The Drift by C.J. Tudor

My lovely bookstagram buddy ‘Life in Two Worlds’ sent me ‘The Drift’, as I had spotted that she had been reading it. And I feel very lucky that she did – this is a fascinating read and such a clever concept for a book.

I absolutely cannot give any spoilers in this post. So, this is going to be a very difficult post to write as the twist in this book is just perfect, and I absolutely did not see it coming – and I am still thinking about it now. What an incredible author C.J. Tudor is to have been able to write such a book with such a twist, and keep it all so well structured, while never losing that thread.

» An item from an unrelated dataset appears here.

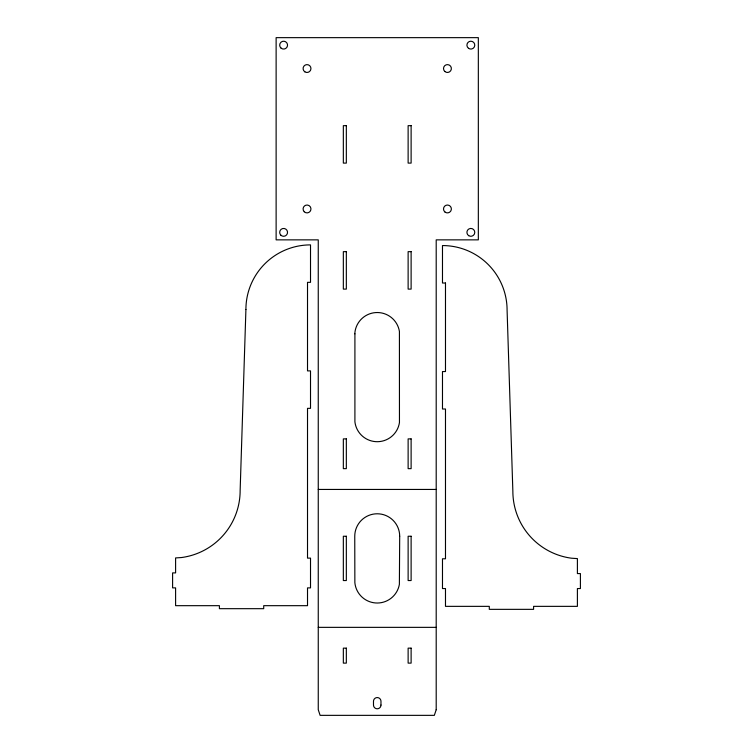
<?xml version="1.0" encoding="UTF-8"?>
<svg xmlns="http://www.w3.org/2000/svg" width="753" height="753" viewBox="0 0 753 753"><rect width="100%" height="100%" fill="white"/><g stroke="black" fill="none" stroke-linecap="round" stroke-linejoin="round"><path stroke-width="1.13" d="M318.255 489.441L436.203 489.441M318.255 627.353L436.203 627.353M354.917 333.852L354.908 421.802A22.468 22.468 0 0 0 399.457 422.508L399.419 331.461A22.468 22.468 0 0 0 354.889 332.619L354.917 333.852M399.692 536.249L399.382 584.319A22.468 22.468 0 0 1 354.861 582.634L354.757 536.249A22.468 22.468 0 0 1 377.225 513.781A22.468 22.468 0 0 1 399.692 536.249M245.911 309.492L240.141 490.589A67.535 67.535 0 0 1 181.417 557.549L175.6 557.926L175.6 572.901L172.597 572.901L172.597 587.886L175.6 587.886L175.6 605.676L219.405 605.676L219.405 608.678L263.71 608.678L263.71 605.676L307.516 605.676L307.516 587.886L310.518 587.886L310.518 558.124L307.516 558.124L307.516 408.342L310.518 408.342L310.518 370.89L307.516 370.89L307.516 282.337L310.518 282.337L310.518 244.894A64.598 64.598 0 0 0 245.911 309.492M436.203 709.731L434.33 715.35L320.119 715.35L318.255 709.731L318.255 239.859L276.125 239.859L276.125 37.65L478.334 37.65L478.334 239.859L436.203 239.859L436.203 709.731M346.333 125.657L343.34 125.657L343.34 163.1L346.333 163.1L346.333 125.657M411.119 125.657L408.126 125.657L408.126 163.1L411.119 163.1L411.119 125.657M346.333 251.653L343.34 251.653L343.34 289.105L346.333 289.105L346.333 251.653M411.119 251.653L408.126 251.653L408.126 289.105L411.119 289.105L411.119 251.653M445.484 283.015L442.482 283.015L442.482 245.563A64.598 64.598 0 0 1 507.089 310.17L512.859 491.257A67.535 67.535 0 0 0 571.583 558.218L577.4 558.594L577.4 573.579L580.403 573.579L580.403 588.554L577.4 588.554L577.4 606.353L533.595 606.353L533.595 609.346L489.29 609.346L489.29 606.353L445.484 606.353L445.484 588.554L442.482 588.554L442.482 558.792L445.484 558.792L445.484 409.011L442.482 409.011L442.482 371.558L445.484 371.558L445.484 283.015M346.333 438.886L343.34 438.886L343.34 468.648L346.333 468.648L346.333 438.886M411.119 438.886L408.126 438.886L408.126 468.648L411.119 468.648L411.119 438.886M346.333 536.249L343.34 536.249L343.34 580.544L346.333 580.544L346.333 536.249M411.119 536.249L408.126 536.249L408.126 580.544L411.119 580.544L411.119 536.249M346.333 648.145L343.34 648.145L343.34 663.12L346.333 663.12L346.333 648.145M411.119 648.145L408.126 648.145L408.126 663.12L411.119 663.12L411.119 648.145M380.971 705.053L380.971 701.307A3.746 3.746 0 0 0 377.225 697.56A3.746 3.746 0 0 0 373.488 701.307L373.488 705.053A3.746 3.746 0 0 0 377.225 708.799A3.746 3.746 0 0 0 380.971 705.053M444.891 211.96A3.934 3.934 0 0 0 451.311 209.673A3.934 3.934 0 0 0 446.115 205.258A3.934 3.934 0 0 0 444.891 211.96M468.695 235.661A3.934 3.934 0 0 0 474.767 232.592A3.934 3.934 0 0 0 469.072 228.856A3.934 3.934 0 0 0 468.695 235.661M444.835 71.488A3.934 3.934 0 0 0 451.292 69.332A3.934 3.934 0 0 0 446.19 64.814A3.934 3.934 0 0 0 444.835 71.488M468.535 48.324A3.934 3.934 0 0 0 474.757 45.547A3.934 3.934 0 0 0 469.241 41.547A3.934 3.934 0 0 0 468.535 48.324M280.831 235.152A3.934 3.934 0 0 0 287.411 233.383A3.934 3.934 0 0 0 282.591 228.573A3.934 3.934 0 0 0 280.831 235.152M304.24 211.744A3.934 3.934 0 0 0 310.82 209.983A3.934 3.934 0 0 0 306 205.164A3.934 3.934 0 0 0 304.24 211.744M304.852 71.827A3.934 3.934 0 0 0 310.942 68.777A3.934 3.934 0 0 0 305.257 65.031A3.934 3.934 0 0 0 304.852 71.827M281.038 48.107A3.934 3.934 0 0 0 287.477 45.886A3.934 3.934 0 0 0 282.328 41.424A3.934 3.934 0 0 0 281.038 48.107"/></g></svg>

This is a virus novel: there is an outbreak of a dangerous virus and we follow a number of different characters as they deal with their experiences in an isolated area of the world. The characters are all fighting for survival in some way or another, and experiencing the paranoia that is established between those who are thrown together, and just want to be able to survive at whatever cost. The sense of place is fantastically created, so you feel you are among them in their snow drift, or stuck in the cable car – and you feel the tension as the characters do.

However, this is all I can really say about this story’s plotline, because you truly need to read this to appreciate the skill that has gone into writing this book. Although it is a bit of a slow burn and probably needs quite some concentration, it is a book that I recommend if you like a well-written thriller that leaves you guessing until the very end.